=== Section Start ===

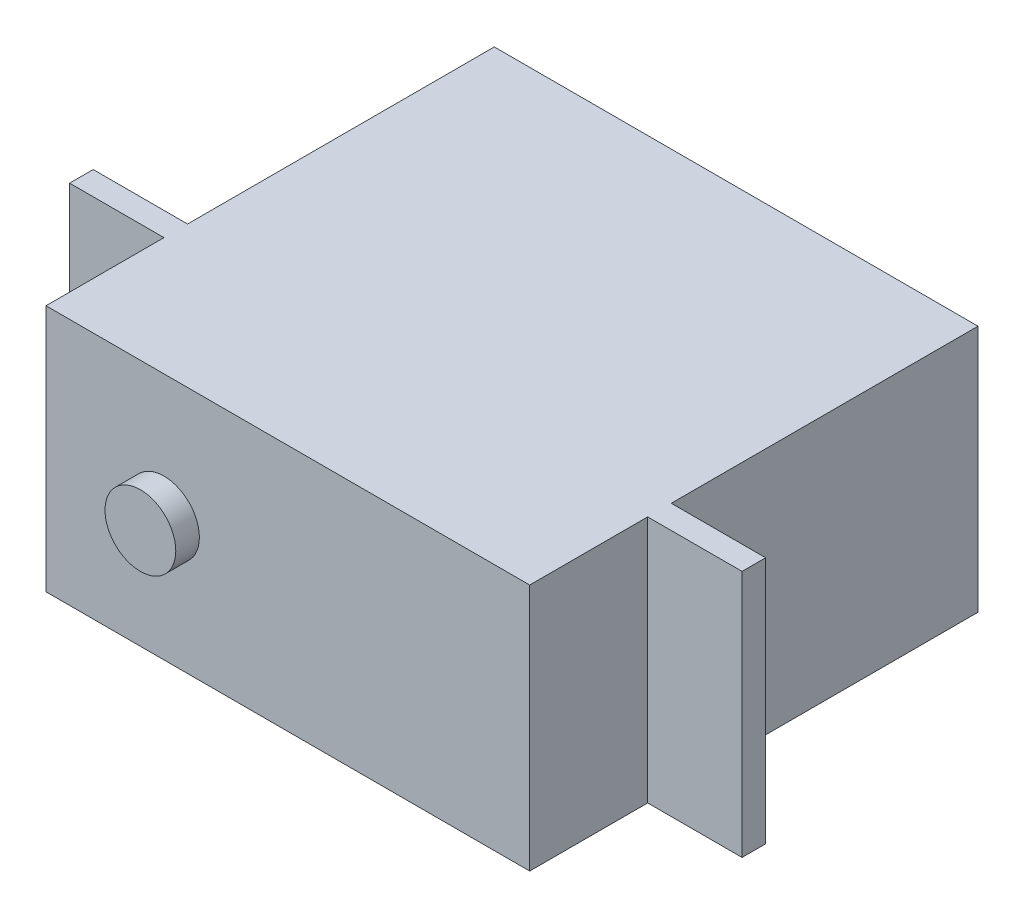
ISO-10303-21;
HEADER;
FILE_DESCRIPTION(('STEP AP214'),'2;1');
FILE_NAME('part.step','',(''),(''),'','','');
FILE_SCHEMA(('AUTOMOTIVE_DESIGN { 1 0 10303 214 1 1 1 1 }'));
ENDSEC;
DATA;
#1=APPLICATION_CONTEXT('core data for automotive mechanical design processes');
#2=APPLICATION_PROTOCOL_DEFINITION('international standard','automotive_design',2000,#1);
#3=PRODUCT_CONTEXT('',#1,'mechanical');
#4=PRODUCT('Part','Part','',(#3));
#5=PRODUCT_RELATED_PRODUCT_CATEGORY('part','',(#4));
#6=PRODUCT_DEFINITION_FORMATION('','',#4);
#7=PRODUCT_DEFINITION_CONTEXT('part definition',#1,'design');
#8=PRODUCT_DEFINITION('design','',#6,#7);
#9=PRODUCT_DEFINITION_SHAPE('','',#8);
#10=(LENGTH_UNIT() NAMED_UNIT(*) SI_UNIT(.MILLI.,.METRE.));
#11=(NAMED_UNIT(*) PLANE_ANGLE_UNIT() SI_UNIT($,.RADIAN.));
#12=(NAMED_UNIT(*) SI_UNIT($,.STERADIAN.) SOLID_ANGLE_UNIT());
#13=UNCERTAINTY_MEASURE_WITH_UNIT(LENGTH_MEASURE(1.E-05),#10,'distance_accuracy_value','');
#14=(GEOMETRIC_REPRESENTATION_CONTEXT(3) GLOBAL_UNCERTAINTY_ASSIGNED_CONTEXT((#13)) GLOBAL_UNIT_ASSIGNED_CONTEXT((#10,
#11,#12)) REPRESENTATION_CONTEXT('',''));
#15=CARTESIAN_POINT('',(0.,0.,0.));
#16=DIRECTION('',(0.,0.,1.));
#17=DIRECTION('',(1.,0.,0.));
#18=AXIS2_PLACEMENT_3D('',#15,#16,#17);
#19=CARTESIAN_POINT('',(-20.5,-10.5,32.9402739726027));
#20=DIRECTION('',(-1.,0.,0.));
#21=DIRECTION('',(0.,0.,1.));
#22=AXIS2_PLACEMENT_3D('',#19,#20,#21);
#23=PLANE('',#22);
#24=DIRECTION('',(0.,0.,1.));
#25=VECTOR('',#24,1.);
#26=CARTESIAN_POINT('',(-20.5,10.5,32.9402739726027));
#27=LINE('',#26,#25);
#28=CARTESIAN_POINT('',(-20.5,10.5,22.9402739726027));
#29=VERTEX_POINT('',#28);
#30=CARTESIAN_POINT('',(-20.5,10.5,32.9402739726027));
#31=VERTEX_POINT('',#30);
#32=EDGE_CURVE('E145',#29,#31,#27,.T.);
#33=ORIENTED_EDGE('',*,*,#32,.F.);
#34=DIRECTION('',(0.,1.,0.));
#35=VECTOR('',#34,1.);
#36=CARTESIAN_POINT('',(-20.5,-10.5,22.9402739726027));
#37=LINE('',#36,#35);
#38=CARTESIAN_POINT('',(-20.5,-10.5,22.9402739726027));
#39=VERTEX_POINT('',#38);
#40=EDGE_CURVE('E31',#39,#29,#37,.T.);
#41=ORIENTED_EDGE('',*,*,#40,.F.);
#42=DIRECTION('',(0.,0.,1.));
#43=VECTOR('',#42,1.);
#44=CARTESIAN_POINT('',(-20.5,-10.5,32.9402739726027));
#45=LINE('',#44,#43);
#46=CARTESIAN_POINT('',(-20.5,-10.5,32.9402739726027));
#47=VERTEX_POINT('',#46);
#48=EDGE_CURVE('E136',#39,#47,#45,.T.);
#49=ORIENTED_EDGE('',*,*,#48,.T.);
#50=DIRECTION('',(0.,1.,0.));
#51=VECTOR('',#50,1.);
#52=CARTESIAN_POINT('',(-20.5,-10.5,32.9402739726027));
#53=LINE('',#52,#51);
#54=EDGE_CURVE('E23',#47,#31,#53,.T.);
#55=ORIENTED_EDGE('',*,*,#54,.T.);
#56=EDGE_LOOP('',(#33,#41,#49,#55));
#57=FACE_BOUND('',#56,.T.);
#58=ADVANCED_FACE('F15',(#57),#23,.T.);
#59=CARTESIAN_POINT('',(-20.5,-10.5,32.9402739726027));
#60=DIRECTION('',(0.,0.,1.));
#61=DIRECTION('',(1.,0.,0.));
#62=AXIS2_PLACEMENT_3D('',#59,#60,#61);
#63=PLANE('',#62);
#64=CARTESIAN_POINT('',(-10.5,0.,32.9402739726027));
#65=DIRECTION('',(0.,0.,1.));
#66=DIRECTION('',(1.,0.,0.));
#67=AXIS2_PLACEMENT_3D('',#64,#65,#66);
#68=CIRCLE('',#67,3.);
#69=CARTESIAN_POINT('',(-7.5,0.,32.9402739726027));
#70=VERTEX_POINT('',#69);
#71=EDGE_CURVE('E9',#70,#70,#68,.T.);
#72=ORIENTED_EDGE('',*,*,#71,.F.);
#73=EDGE_LOOP('',(#72));
#74=FACE_BOUND('',#73,.T.);
#75=DIRECTION('',(1.,0.,0.));
#76=VECTOR('',#75,1.);
#77=CARTESIAN_POINT('',(-20.5,10.5,32.9402739726027));
#78=LINE('',#77,#76);
#79=CARTESIAN_POINT('',(20.5,10.5,32.9402739726027));
#80=VERTEX_POINT('',#79);
#81=EDGE_CURVE('E140',#31,#80,#78,.T.);
#82=ORIENTED_EDGE('',*,*,#81,.F.);
#83=ORIENTED_EDGE('',*,*,#54,.F.);
#84=DIRECTION('',(1.,0.,0.));
#85=VECTOR('',#84,1.);
#86=CARTESIAN_POINT('',(-20.5,-10.5,32.9402739726027));
#87=LINE('',#86,#85);
#88=CARTESIAN_POINT('',(20.5,-10.5,32.9402739726027));
#89=VERTEX_POINT('',#88);
#90=EDGE_CURVE('E138',#47,#89,#87,.T.);
#91=ORIENTED_EDGE('',*,*,#90,.T.);
#92=DIRECTION('',(0.,1.,0.));
#93=VECTOR('',#92,1.);
#94=CARTESIAN_POINT('',(20.5,-10.5,32.9402739726027));
#95=LINE('',#94,#93);
#96=EDGE_CURVE('E199',#89,#80,#95,.T.);
#97=ORIENTED_EDGE('',*,*,#96,.T.);
#98=EDGE_LOOP('',(#82,#83,#91,#97));
#99=FACE_BOUND('',#98,.T.);
#100=ADVANCED_FACE('F200',(#74,#99),#63,.T.);
#101=CARTESIAN_POINT('',(20.5,-10.5,32.9402739726027));
#102=DIRECTION('',(1.,0.,0.));
#103=DIRECTION('',(0.,0.,-1.));
#104=AXIS2_PLACEMENT_3D('',#101,#102,#103);
#105=PLANE('',#104);
#106=DIRECTION('',(0.,0.,-1.));
#107=VECTOR('',#106,1.);
#108=CARTESIAN_POINT('',(20.5,10.5,32.9402739726027));
#109=LINE('',#108,#107);
#110=CARTESIAN_POINT('',(20.5,10.5,22.9402739726027));
#111=VERTEX_POINT('',#110);
#112=EDGE_CURVE('E144',#80,#111,#109,.T.);
#113=ORIENTED_EDGE('',*,*,#112,.F.);
#114=ORIENTED_EDGE('',*,*,#96,.F.);
#115=DIRECTION('',(0.,0.,-1.));
#116=VECTOR('',#115,1.);
#117=CARTESIAN_POINT('',(20.5,-10.5,32.9402739726027));
#118=LINE('',#117,#116);
#119=CARTESIAN_POINT('',(20.5,-10.5,22.9402739726027));
#120=VERTEX_POINT('',#119);
#121=EDGE_CURVE('E208',#89,#120,#118,.T.);
#122=ORIENTED_EDGE('',*,*,#121,.T.);
#123=DIRECTION('',(0.,1.,0.));
#124=VECTOR('',#123,1.);
#125=CARTESIAN_POINT('',(20.5,-10.5,22.9402739726027));
#126=LINE('',#125,#124);
#127=EDGE_CURVE('E197',#120,#111,#126,.T.);
#128=ORIENTED_EDGE('',*,*,#127,.T.);
#129=EDGE_LOOP('',(#113,#114,#122,#128));
#130=FACE_BOUND('',#129,.T.);
#131=ADVANCED_FACE('F250',(#130),#105,.T.);
#132=CARTESIAN_POINT('',(20.5,-10.5,22.9402739726027));
#133=DIRECTION('',(0.,0.,1.));
#134=DIRECTION('',(1.,0.,0.));
#135=AXIS2_PLACEMENT_3D('',#132,#133,#134);
#136=PLANE('',#135);
#137=DIRECTION('',(1.,0.,0.));
#138=VECTOR('',#137,1.);
#139=CARTESIAN_POINT('',(20.5,10.5,22.9402739726027));
#140=LINE('',#139,#138);
#141=CARTESIAN_POINT('',(28.5,10.5,22.9402739726027));
#142=VERTEX_POINT('',#141);
#143=EDGE_CURVE('E149',#111,#142,#140,.T.);
#144=ORIENTED_EDGE('',*,*,#143,.F.);
#145=ORIENTED_EDGE('',*,*,#127,.F.);
#146=DIRECTION('',(1.,0.,0.));
#147=VECTOR('',#146,1.);
#148=CARTESIAN_POINT('',(20.5,-10.5,22.9402739726027));
#149=LINE('',#148,#147);
#150=CARTESIAN_POINT('',(28.5,-10.5,22.9402739726027));
#151=VERTEX_POINT('',#150);
#152=EDGE_CURVE('E210',#120,#151,#149,.T.);
#153=ORIENTED_EDGE('',*,*,#152,.T.);
#154=DIRECTION('',(0.,1.,0.));
#155=VECTOR('',#154,1.);
#156=CARTESIAN_POINT('',(28.5,-10.5,22.9402739726027));
#157=LINE('',#156,#155);
#158=EDGE_CURVE('E195',#151,#142,#157,.T.);
#159=ORIENTED_EDGE('',*,*,#158,.T.);
#160=EDGE_LOOP('',(#144,#145,#153,#159));
#161=FACE_BOUND('',#160,.T.);
#162=ADVANCED_FACE('F248',(#161),#136,.T.);
#163=CARTESIAN_POINT('',(28.5,-10.5,22.9402739726027));
#164=DIRECTION('',(1.,0.,0.));
#165=DIRECTION('',(0.,0.,-1.));
#166=AXIS2_PLACEMENT_3D('',#163,#164,#165);
#167=PLANE('',#166);
#168=DIRECTION('',(0.,0.,-1.));
#169=VECTOR('',#168,1.);
#170=CARTESIAN_POINT('',(28.5,10.5,22.9402739726027));
#171=LINE('',#170,#169);
#172=CARTESIAN_POINT('',(28.5,10.5,20.9402739726027));
#173=VERTEX_POINT('',#172);
#174=EDGE_CURVE('E153',#142,#173,#171,.T.);
#175=ORIENTED_EDGE('',*,*,#174,.F.);
#176=ORIENTED_EDGE('',*,*,#158,.F.);
#177=DIRECTION('',(0.,0.,-1.));
#178=VECTOR('',#177,1.);
#179=CARTESIAN_POINT('',(28.5,-10.5,22.9402739726027));
#180=LINE('',#179,#178);
#181=CARTESIAN_POINT('',(28.5,-10.5,20.9402739726027));
#182=VERTEX_POINT('',#181);
#183=EDGE_CURVE('E216',#151,#182,#180,.T.);
#184=ORIENTED_EDGE('',*,*,#183,.T.);
#185=DIRECTION('',(0.,1.,0.));
#186=VECTOR('',#185,1.);
#187=CARTESIAN_POINT('',(28.5,-10.5,20.9402739726027));
#188=LINE('',#187,#186);
#189=EDGE_CURVE('E193',#182,#173,#188,.T.);
#190=ORIENTED_EDGE('',*,*,#189,.T.);
#191=EDGE_LOOP('',(#175,#176,#184,#190));
#192=FACE_BOUND('',#191,.T.);
#193=ADVANCED_FACE('F245',(#192),#167,.T.);
#194=CARTESIAN_POINT('',(28.5,-10.5,20.9402739726027));
#195=DIRECTION('',(0.,0.,-1.));
#196=DIRECTION('',(-1.,0.,0.));
#197=AXIS2_PLACEMENT_3D('',#194,#195,#196);
#198=PLANE('',#197);
#199=DIRECTION('',(-1.,0.,0.));
#200=VECTOR('',#199,1.);
#201=CARTESIAN_POINT('',(28.5,10.5,20.9402739726027));
#202=LINE('',#201,#200);
#203=CARTESIAN_POINT('',(20.5,10.5,20.9402739726027));
#204=VERTEX_POINT('',#203);
#205=EDGE_CURVE('E157',#173,#204,#202,.T.);
#206=ORIENTED_EDGE('',*,*,#205,.F.);
#207=ORIENTED_EDGE('',*,*,#189,.F.);
#208=DIRECTION('',(-1.,0.,0.));
#209=VECTOR('',#208,1.);
#210=CARTESIAN_POINT('',(28.5,-10.5,20.9402739726027));
#211=LINE('',#210,#209);
#212=CARTESIAN_POINT('',(20.5,-10.5,20.9402739726027));
#213=VERTEX_POINT('',#212);
#214=EDGE_CURVE('E219',#182,#213,#211,.T.);
#215=ORIENTED_EDGE('',*,*,#214,.T.);
#216=DIRECTION('',(0.,1.,0.));
#217=VECTOR('',#216,1.);
#218=CARTESIAN_POINT('',(20.5,-10.5,20.9402739726027));
#219=LINE('',#218,#217);
#220=EDGE_CURVE('E191',#213,#204,#219,.T.);
#221=ORIENTED_EDGE('',*,*,#220,.T.);
#222=EDGE_LOOP('',(#206,#207,#215,#221));
#223=FACE_BOUND('',#222,.T.);
#224=ADVANCED_FACE('F241',(#223),#198,.T.);
#225=CARTESIAN_POINT('',(20.5,-10.5,20.9402739726027));
#226=DIRECTION('',(1.,0.,0.));
#227=DIRECTION('',(0.,0.,-1.));
#228=AXIS2_PLACEMENT_3D('',#225,#226,#227);
#229=PLANE('',#228);
#230=DIRECTION('',(0.,0.,-1.));
#231=VECTOR('',#230,1.);
#232=CARTESIAN_POINT('',(20.5,10.5,20.9402739726027));
#233=LINE('',#232,#231);
#234=CARTESIAN_POINT('',(20.5,10.5,-5.05972602739726));
#235=VERTEX_POINT('',#234);
#236=EDGE_CURVE('E161',#204,#235,#233,.T.);
#237=ORIENTED_EDGE('',*,*,#236,.F.);
#238=ORIENTED_EDGE('',*,*,#220,.F.);
#239=DIRECTION('',(0.,0.,-1.));
#240=VECTOR('',#239,1.);
#241=CARTESIAN_POINT('',(20.5,-10.5,20.9402739726027));
#242=LINE('',#241,#240);
#243=CARTESIAN_POINT('',(20.5,-10.5,-5.05972602739726));
#244=VERTEX_POINT('',#243);
#245=EDGE_CURVE('E222',#213,#244,#242,.T.);
#246=ORIENTED_EDGE('',*,*,#245,.T.);
#247=DIRECTION('',(0.,1.,0.));
#248=VECTOR('',#247,1.);
#249=CARTESIAN_POINT('',(20.5,-10.5,-5.05972602739726));
#250=LINE('',#249,#248);
#251=EDGE_CURVE('E189',#244,#235,#250,.T.);
#252=ORIENTED_EDGE('',*,*,#251,.T.);
#253=EDGE_LOOP('',(#237,#238,#246,#252));
#254=FACE_BOUND('',#253,.T.);
#255=ADVANCED_FACE('F238',(#254),#229,.T.);
#256=CARTESIAN_POINT('',(-20.5,-10.5,-5.05972602739726));
#257=DIRECTION('',(0.,0.,-1.));
#258=DIRECTION('',(-1.,0.,0.));
#259=AXIS2_PLACEMENT_3D('',#256,#257,#258);
#260=PLANE('',#259);
#261=DIRECTION('',(-1.,0.,0.));
#262=VECTOR('',#261,1.);
#263=CARTESIAN_POINT('',(-20.5,10.5,-5.05972602739726));
#264=LINE('',#263,#262);
#265=CARTESIAN_POINT('',(-20.5,10.5,-5.05972602739726));
#266=VERTEX_POINT('',#265);
#267=EDGE_CURVE('E165',#235,#266,#264,.T.);
#268=ORIENTED_EDGE('',*,*,#267,.F.);
#269=ORIENTED_EDGE('',*,*,#251,.F.);
#270=DIRECTION('',(-1.,0.,0.));
#271=VECTOR('',#270,1.);
#272=CARTESIAN_POINT('',(-20.5,-10.5,-5.05972602739726));
#273=LINE('',#272,#271);
#274=CARTESIAN_POINT('',(-20.5,-10.5,-5.05972602739726));
#275=VERTEX_POINT('',#274);
#276=EDGE_CURVE('E225',#244,#275,#273,.T.);
#277=ORIENTED_EDGE('',*,*,#276,.T.);
#278=DIRECTION('',(0.,1.,0.));
#279=VECTOR('',#278,1.);
#280=CARTESIAN_POINT('',(-20.5,-10.5,-5.05972602739726));
#281=LINE('',#280,#279);
#282=EDGE_CURVE('E187',#275,#266,#281,.T.);
#283=ORIENTED_EDGE('',*,*,#282,.T.);
#284=EDGE_LOOP('',(#268,#269,#277,#283));
#285=FACE_BOUND('',#284,.T.);
#286=ADVANCED_FACE('F235',(#285),#260,.T.);
#287=CARTESIAN_POINT('',(-20.5,-10.5,20.9402739726027));
#288=DIRECTION('',(-1.,0.,0.));
#289=DIRECTION('',(0.,0.,1.));
#290=AXIS2_PLACEMENT_3D('',#287,#288,#289);
#291=PLANE('',#290);
#292=DIRECTION('',(0.,0.,1.));
#293=VECTOR('',#292,1.);
#294=CARTESIAN_POINT('',(-20.5,10.5,20.9402739726027));
#295=LINE('',#294,#293);
#296=CARTESIAN_POINT('',(-20.5,10.5,20.9402739726027));
#297=VERTEX_POINT('',#296);
#298=EDGE_CURVE('E169',#266,#297,#295,.T.);
#299=ORIENTED_EDGE('',*,*,#298,.F.);
#300=ORIENTED_EDGE('',*,*,#282,.F.);
#301=DIRECTION('',(0.,0.,1.));
#302=VECTOR('',#301,1.);
#303=CARTESIAN_POINT('',(-20.5,-10.5,20.9402739726027));
#304=LINE('',#303,#302);
#305=CARTESIAN_POINT('',(-20.5,-10.5,20.9402739726027));
#306=VERTEX_POINT('',#305);
#307=EDGE_CURVE('E127',#275,#306,#304,.T.);
#308=ORIENTED_EDGE('',*,*,#307,.T.);
#309=DIRECTION('',(0.,1.,0.));
#310=VECTOR('',#309,1.);
#311=CARTESIAN_POINT('',(-20.5,-10.5,20.9402739726027));
#312=LINE('',#311,#310);
#313=EDGE_CURVE('E119',#306,#297,#312,.T.);
#314=ORIENTED_EDGE('',*,*,#313,.T.);
#315=EDGE_LOOP('',(#299,#300,#308,#314));
#316=FACE_BOUND('',#315,.T.);
#317=ADVANCED_FACE('F229',(#316),#291,.T.);
#318=CARTESIAN_POINT('',(-28.5,-10.5,20.9402739726027));
#319=DIRECTION('',(0.,0.,-1.));
#320=DIRECTION('',(-1.,0.,0.));
#321=AXIS2_PLACEMENT_3D('',#318,#319,#320);
#322=PLANE('',#321);
#323=DIRECTION('',(-1.,0.,0.));
#324=VECTOR('',#323,1.);
#325=CARTESIAN_POINT('',(-28.5,10.5,20.9402739726027));
#326=LINE('',#325,#324);
#327=CARTESIAN_POINT('',(-28.5,10.5,20.9402739726027));
#328=VERTEX_POINT('',#327);
#329=EDGE_CURVE('E173',#297,#328,#326,.T.);
#330=ORIENTED_EDGE('',*,*,#329,.F.);
#331=ORIENTED_EDGE('',*,*,#313,.F.);
#332=DIRECTION('',(-1.,0.,0.));
#333=VECTOR('',#332,1.);
#334=CARTESIAN_POINT('',(-28.5,-10.5,20.9402739726027));
#335=LINE('',#334,#333);
#336=CARTESIAN_POINT('',(-28.5,-10.5,20.9402739726027));
#337=VERTEX_POINT('',#336);
#338=EDGE_CURVE('E122',#306,#337,#335,.T.);
#339=ORIENTED_EDGE('',*,*,#338,.T.);
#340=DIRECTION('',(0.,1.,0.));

=== Section End ===

» DIRECTIONS: When you transcribe the entries above, begin at their first line, end with the line containing "#37=LINE('',#36,#35);", and copy each line exactly without any picture.

» TASK OUTPUT:
ISO-10303-21;
HEADER;
FILE_DESCRIPTION(('STEP AP214'),'2;1');
FILE_NAME('part.step','',(''),(''),'','','');
FILE_SCHEMA(('AUTOMOTIVE_DESIGN { 1 0 10303 214 1 1 1 1 }'));
ENDSEC;
DATA;
#1=APPLICATION_CONTEXT('core data for automotive mechanical design processes');
#2=APPLICATION_PROTOCOL_DEFINITION('international standard','automotive_design',2000,#1);
#3=PRODUCT_CONTEXT('',#1,'mechanical');
#4=PRODUCT('Part','Part','',(#3));
#5=PRODUCT_RELATED_PRODUCT_CATEGORY('part','',(#4));
#6=PRODUCT_DEFINITION_FORMATION('','',#4);
#7=PRODUCT_DEFINITION_CONTEXT('part definition',#1,'design');
#8=PRODUCT_DEFINITION('design','',#6,#7);
#9=PRODUCT_DEFINITION_SHAPE('','',#8);
#10=(LENGTH_UNIT() NAMED_UNIT(*) SI_UNIT(.MILLI.,.METRE.));
#11=(NAMED_UNIT(*) PLANE_ANGLE_UNIT() SI_UNIT($,.RADIAN.));
#12=(NAMED_UNIT(*) SI_UNIT($,.STERADIAN.) SOLID_ANGLE_UNIT());
#13=UNCERTAINTY_MEASURE_WITH_UNIT(LENGTH_MEASURE(1.E-05),#10,'distance_accuracy_value','');
#14=(GEOMETRIC_REPRESENTATION_CONTEXT(3) GLOBAL_UNCERTAINTY_ASSIGNED_CONTEXT((#13)) GLOBAL_UNIT_ASSIGNED_CONTEXT((#10,
#11,#12)) REPRESENTATION_CONTEXT('',''));
#15=CARTESIAN_POINT('',(0.,0.,0.));
#16=DIRECTION('',(0.,0.,1.));
#17=DIRECTION('',(1.,0.,0.));
#18=AXIS2_PLACEMENT_3D('',#15,#16,#17);
#19=CARTESIAN_POINT('',(-20.5,-10.5,32.9402739726027));
#20=DIRECTION('',(-1.,0.,0.));
#21=DIRECTION('',(0.,0.,1.));
#22=AXIS2_PLACEMENT_3D('',#19,#20,#21);
#23=PLANE('',#22);
#24=DIRECTION('',(0.,0.,1.));
#25=VECTOR('',#24,1.);
#26=CARTESIAN_POINT('',(-20.5,10.5,32.9402739726027));
#27=LINE('',#26,#25);
#28=CARTESIAN_POINT('',(-20.5,10.5,22.9402739726027));
#29=VERTEX_POINT('',#28);
#30=CARTESIAN_POINT('',(-20.5,10.5,32.9402739726027));
#31=VERTEX_POINT('',#30);
#32=EDGE_CURVE('E145',#29,#31,#27,.T.);
#33=ORIENTED_EDGE('',*,*,#32,.F.);
#34=DIRECTION('',(0.,1.,0.));
#35=VECTOR('',#34,1.);
#36=CARTESIAN_POINT('',(-20.5,-10.5,22.9402739726027));
#37=LINE('',#36,#35);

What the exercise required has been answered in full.